> **Required work**: Scan the entries below for the word "DIRECTION" and copy every line in which it occurs.

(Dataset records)
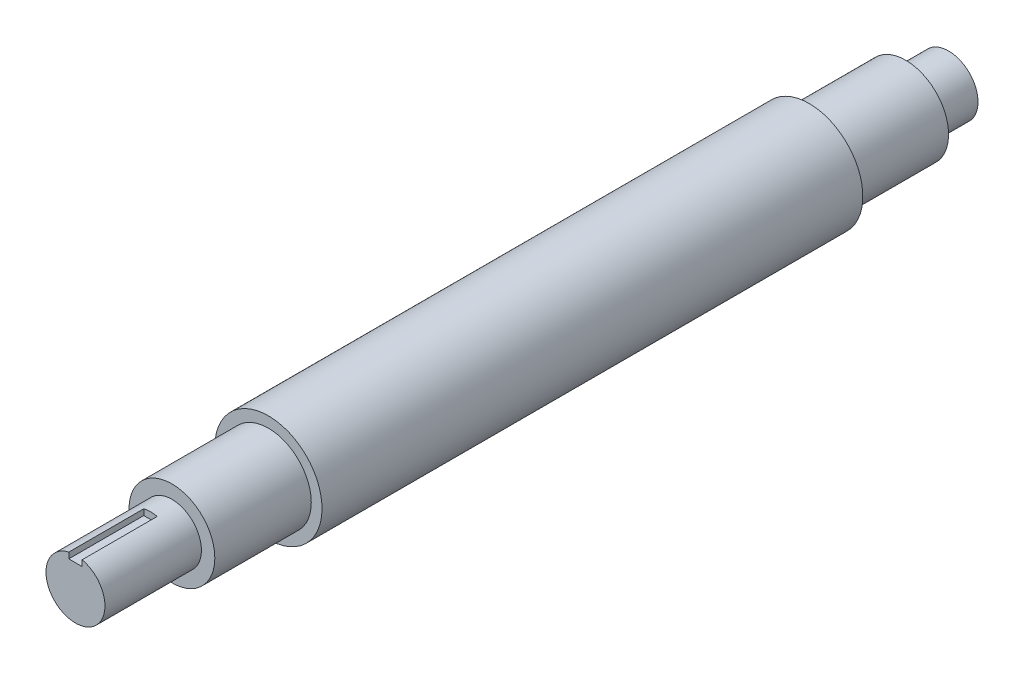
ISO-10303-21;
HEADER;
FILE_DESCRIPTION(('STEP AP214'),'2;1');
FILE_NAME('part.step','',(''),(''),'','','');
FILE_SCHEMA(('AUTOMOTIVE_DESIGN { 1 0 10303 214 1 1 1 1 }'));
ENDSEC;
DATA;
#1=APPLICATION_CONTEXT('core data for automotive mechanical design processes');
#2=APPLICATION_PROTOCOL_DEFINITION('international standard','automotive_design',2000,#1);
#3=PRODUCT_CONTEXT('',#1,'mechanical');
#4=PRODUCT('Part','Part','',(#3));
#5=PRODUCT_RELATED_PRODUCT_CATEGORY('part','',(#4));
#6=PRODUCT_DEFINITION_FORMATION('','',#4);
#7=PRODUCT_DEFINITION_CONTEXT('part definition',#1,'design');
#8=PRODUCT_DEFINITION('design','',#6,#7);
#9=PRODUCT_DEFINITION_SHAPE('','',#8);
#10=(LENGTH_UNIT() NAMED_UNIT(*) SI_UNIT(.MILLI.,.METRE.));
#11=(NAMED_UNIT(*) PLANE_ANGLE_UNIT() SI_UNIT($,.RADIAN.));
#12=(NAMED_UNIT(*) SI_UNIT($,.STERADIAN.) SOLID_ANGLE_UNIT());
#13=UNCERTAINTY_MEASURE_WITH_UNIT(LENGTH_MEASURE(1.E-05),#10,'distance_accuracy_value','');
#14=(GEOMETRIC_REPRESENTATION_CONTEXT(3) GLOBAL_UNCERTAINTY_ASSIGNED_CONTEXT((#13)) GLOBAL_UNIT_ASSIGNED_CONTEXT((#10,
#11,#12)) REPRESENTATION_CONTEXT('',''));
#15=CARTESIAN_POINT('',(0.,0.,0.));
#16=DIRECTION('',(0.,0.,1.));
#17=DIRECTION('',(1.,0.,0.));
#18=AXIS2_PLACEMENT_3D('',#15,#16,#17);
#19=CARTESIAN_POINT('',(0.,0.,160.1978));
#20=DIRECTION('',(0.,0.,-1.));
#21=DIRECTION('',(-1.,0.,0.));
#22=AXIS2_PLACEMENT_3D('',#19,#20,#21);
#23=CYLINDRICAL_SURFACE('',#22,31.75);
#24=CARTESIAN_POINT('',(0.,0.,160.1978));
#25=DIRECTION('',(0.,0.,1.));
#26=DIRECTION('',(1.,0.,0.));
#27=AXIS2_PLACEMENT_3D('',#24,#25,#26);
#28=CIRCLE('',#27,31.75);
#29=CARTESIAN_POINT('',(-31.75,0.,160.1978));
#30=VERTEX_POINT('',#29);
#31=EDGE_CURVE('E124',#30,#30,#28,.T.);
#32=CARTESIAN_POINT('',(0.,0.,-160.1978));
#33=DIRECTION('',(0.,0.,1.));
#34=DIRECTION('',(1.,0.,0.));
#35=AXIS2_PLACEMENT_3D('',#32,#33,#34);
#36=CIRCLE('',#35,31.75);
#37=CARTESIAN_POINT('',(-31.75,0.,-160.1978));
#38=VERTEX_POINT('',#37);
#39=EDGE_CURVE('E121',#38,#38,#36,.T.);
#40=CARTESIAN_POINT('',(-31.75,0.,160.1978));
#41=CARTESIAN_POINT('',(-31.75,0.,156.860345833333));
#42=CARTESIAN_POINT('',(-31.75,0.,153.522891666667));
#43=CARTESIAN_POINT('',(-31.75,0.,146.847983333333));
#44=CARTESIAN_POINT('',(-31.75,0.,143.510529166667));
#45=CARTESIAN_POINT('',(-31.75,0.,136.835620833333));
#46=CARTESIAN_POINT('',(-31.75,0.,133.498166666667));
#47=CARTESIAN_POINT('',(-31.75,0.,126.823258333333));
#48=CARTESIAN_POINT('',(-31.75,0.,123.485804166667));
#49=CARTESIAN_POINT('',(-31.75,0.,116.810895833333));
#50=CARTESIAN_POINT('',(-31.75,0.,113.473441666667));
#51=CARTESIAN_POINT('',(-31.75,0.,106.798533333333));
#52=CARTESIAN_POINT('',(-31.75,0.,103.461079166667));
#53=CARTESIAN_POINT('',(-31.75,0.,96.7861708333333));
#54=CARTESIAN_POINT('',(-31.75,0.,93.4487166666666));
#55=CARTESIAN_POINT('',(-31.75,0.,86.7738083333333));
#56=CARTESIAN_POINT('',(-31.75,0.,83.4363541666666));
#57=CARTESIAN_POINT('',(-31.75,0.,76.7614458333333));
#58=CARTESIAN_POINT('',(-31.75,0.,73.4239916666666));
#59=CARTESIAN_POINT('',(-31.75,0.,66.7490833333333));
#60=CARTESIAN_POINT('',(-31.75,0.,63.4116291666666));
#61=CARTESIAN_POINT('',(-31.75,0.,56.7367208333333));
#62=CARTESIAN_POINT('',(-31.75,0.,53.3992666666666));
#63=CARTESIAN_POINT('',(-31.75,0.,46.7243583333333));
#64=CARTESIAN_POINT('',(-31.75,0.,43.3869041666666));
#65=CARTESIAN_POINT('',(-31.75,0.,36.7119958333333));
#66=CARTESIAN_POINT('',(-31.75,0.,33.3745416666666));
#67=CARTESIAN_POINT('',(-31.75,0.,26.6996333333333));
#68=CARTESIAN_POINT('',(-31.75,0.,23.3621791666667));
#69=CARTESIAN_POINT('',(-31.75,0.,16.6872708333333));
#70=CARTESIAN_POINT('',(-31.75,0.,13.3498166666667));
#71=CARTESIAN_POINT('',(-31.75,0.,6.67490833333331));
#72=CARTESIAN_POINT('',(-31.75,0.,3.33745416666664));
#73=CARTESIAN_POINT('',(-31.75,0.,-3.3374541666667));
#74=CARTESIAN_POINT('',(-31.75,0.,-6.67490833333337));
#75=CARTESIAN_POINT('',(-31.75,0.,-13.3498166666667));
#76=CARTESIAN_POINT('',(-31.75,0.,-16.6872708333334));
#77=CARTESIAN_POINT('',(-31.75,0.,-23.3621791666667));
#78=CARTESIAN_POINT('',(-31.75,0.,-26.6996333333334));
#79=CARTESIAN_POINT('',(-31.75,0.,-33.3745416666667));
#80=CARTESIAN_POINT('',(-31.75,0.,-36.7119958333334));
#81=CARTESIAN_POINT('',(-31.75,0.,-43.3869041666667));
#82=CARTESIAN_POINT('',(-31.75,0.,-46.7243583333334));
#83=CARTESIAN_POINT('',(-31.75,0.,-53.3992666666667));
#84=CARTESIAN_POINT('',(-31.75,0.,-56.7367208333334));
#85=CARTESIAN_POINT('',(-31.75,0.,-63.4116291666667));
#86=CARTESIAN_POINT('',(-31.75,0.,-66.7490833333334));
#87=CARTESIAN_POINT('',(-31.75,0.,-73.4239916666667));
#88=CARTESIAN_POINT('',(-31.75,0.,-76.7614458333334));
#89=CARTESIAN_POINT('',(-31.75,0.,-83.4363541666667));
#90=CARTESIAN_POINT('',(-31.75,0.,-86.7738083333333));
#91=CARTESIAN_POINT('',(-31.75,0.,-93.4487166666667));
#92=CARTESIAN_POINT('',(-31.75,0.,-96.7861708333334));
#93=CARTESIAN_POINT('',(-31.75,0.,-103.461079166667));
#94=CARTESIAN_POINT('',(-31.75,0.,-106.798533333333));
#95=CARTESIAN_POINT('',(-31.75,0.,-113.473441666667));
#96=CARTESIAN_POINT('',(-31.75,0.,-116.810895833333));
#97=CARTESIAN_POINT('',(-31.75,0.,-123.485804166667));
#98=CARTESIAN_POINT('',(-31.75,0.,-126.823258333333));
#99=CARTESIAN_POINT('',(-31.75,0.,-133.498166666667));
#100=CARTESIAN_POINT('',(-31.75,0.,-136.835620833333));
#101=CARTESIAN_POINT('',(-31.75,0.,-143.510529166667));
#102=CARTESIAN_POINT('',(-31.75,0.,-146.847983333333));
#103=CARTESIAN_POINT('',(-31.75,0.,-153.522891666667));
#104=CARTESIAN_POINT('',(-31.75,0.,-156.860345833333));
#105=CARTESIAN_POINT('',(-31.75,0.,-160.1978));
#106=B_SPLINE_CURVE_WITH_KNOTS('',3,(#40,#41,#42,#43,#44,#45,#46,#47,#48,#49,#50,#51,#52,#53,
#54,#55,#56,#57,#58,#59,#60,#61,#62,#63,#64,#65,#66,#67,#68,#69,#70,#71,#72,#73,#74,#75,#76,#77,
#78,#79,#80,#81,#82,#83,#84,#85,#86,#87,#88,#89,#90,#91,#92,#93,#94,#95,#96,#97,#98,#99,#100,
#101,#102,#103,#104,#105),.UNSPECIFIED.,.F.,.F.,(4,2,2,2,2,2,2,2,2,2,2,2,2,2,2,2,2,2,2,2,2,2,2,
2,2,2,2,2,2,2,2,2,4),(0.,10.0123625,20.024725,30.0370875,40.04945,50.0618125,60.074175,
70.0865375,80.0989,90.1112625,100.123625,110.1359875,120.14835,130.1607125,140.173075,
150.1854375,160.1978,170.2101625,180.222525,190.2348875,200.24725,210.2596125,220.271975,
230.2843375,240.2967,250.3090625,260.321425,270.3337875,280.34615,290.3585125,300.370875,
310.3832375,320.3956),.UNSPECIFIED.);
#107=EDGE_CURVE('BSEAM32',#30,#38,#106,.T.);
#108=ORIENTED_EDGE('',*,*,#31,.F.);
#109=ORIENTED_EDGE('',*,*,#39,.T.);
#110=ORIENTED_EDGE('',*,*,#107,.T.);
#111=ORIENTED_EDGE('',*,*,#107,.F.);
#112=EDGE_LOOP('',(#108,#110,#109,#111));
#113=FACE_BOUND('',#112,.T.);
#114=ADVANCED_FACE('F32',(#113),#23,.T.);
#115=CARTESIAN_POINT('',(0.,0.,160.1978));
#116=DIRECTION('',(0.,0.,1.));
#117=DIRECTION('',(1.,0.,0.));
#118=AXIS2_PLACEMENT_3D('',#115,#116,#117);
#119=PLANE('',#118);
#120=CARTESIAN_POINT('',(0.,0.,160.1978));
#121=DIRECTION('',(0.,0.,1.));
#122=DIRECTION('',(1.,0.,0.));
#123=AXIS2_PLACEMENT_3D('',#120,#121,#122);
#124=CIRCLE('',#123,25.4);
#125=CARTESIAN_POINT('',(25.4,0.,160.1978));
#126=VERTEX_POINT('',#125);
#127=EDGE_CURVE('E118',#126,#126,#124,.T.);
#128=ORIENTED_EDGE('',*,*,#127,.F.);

> **Result**:
#16=DIRECTION('',(0.,0.,1.));
#17=DIRECTION('',(1.,0.,0.));
#20=DIRECTION('',(0.,0.,-1.));
#21=DIRECTION('',(-1.,0.,0.));
#25=DIRECTION('',(0.,0.,1.));
#26=DIRECTION('',(1.,0.,0.));
#33=DIRECTION('',(0.,0.,1.));
#34=DIRECTION('',(1.,0.,0.));
#116=DIRECTION('',(0.,0.,1.));
#117=DIRECTION('',(1.,0.,0.));
#121=DIRECTION('',(0.,0.,1.));
#122=DIRECTION('',(1.,0.,0.));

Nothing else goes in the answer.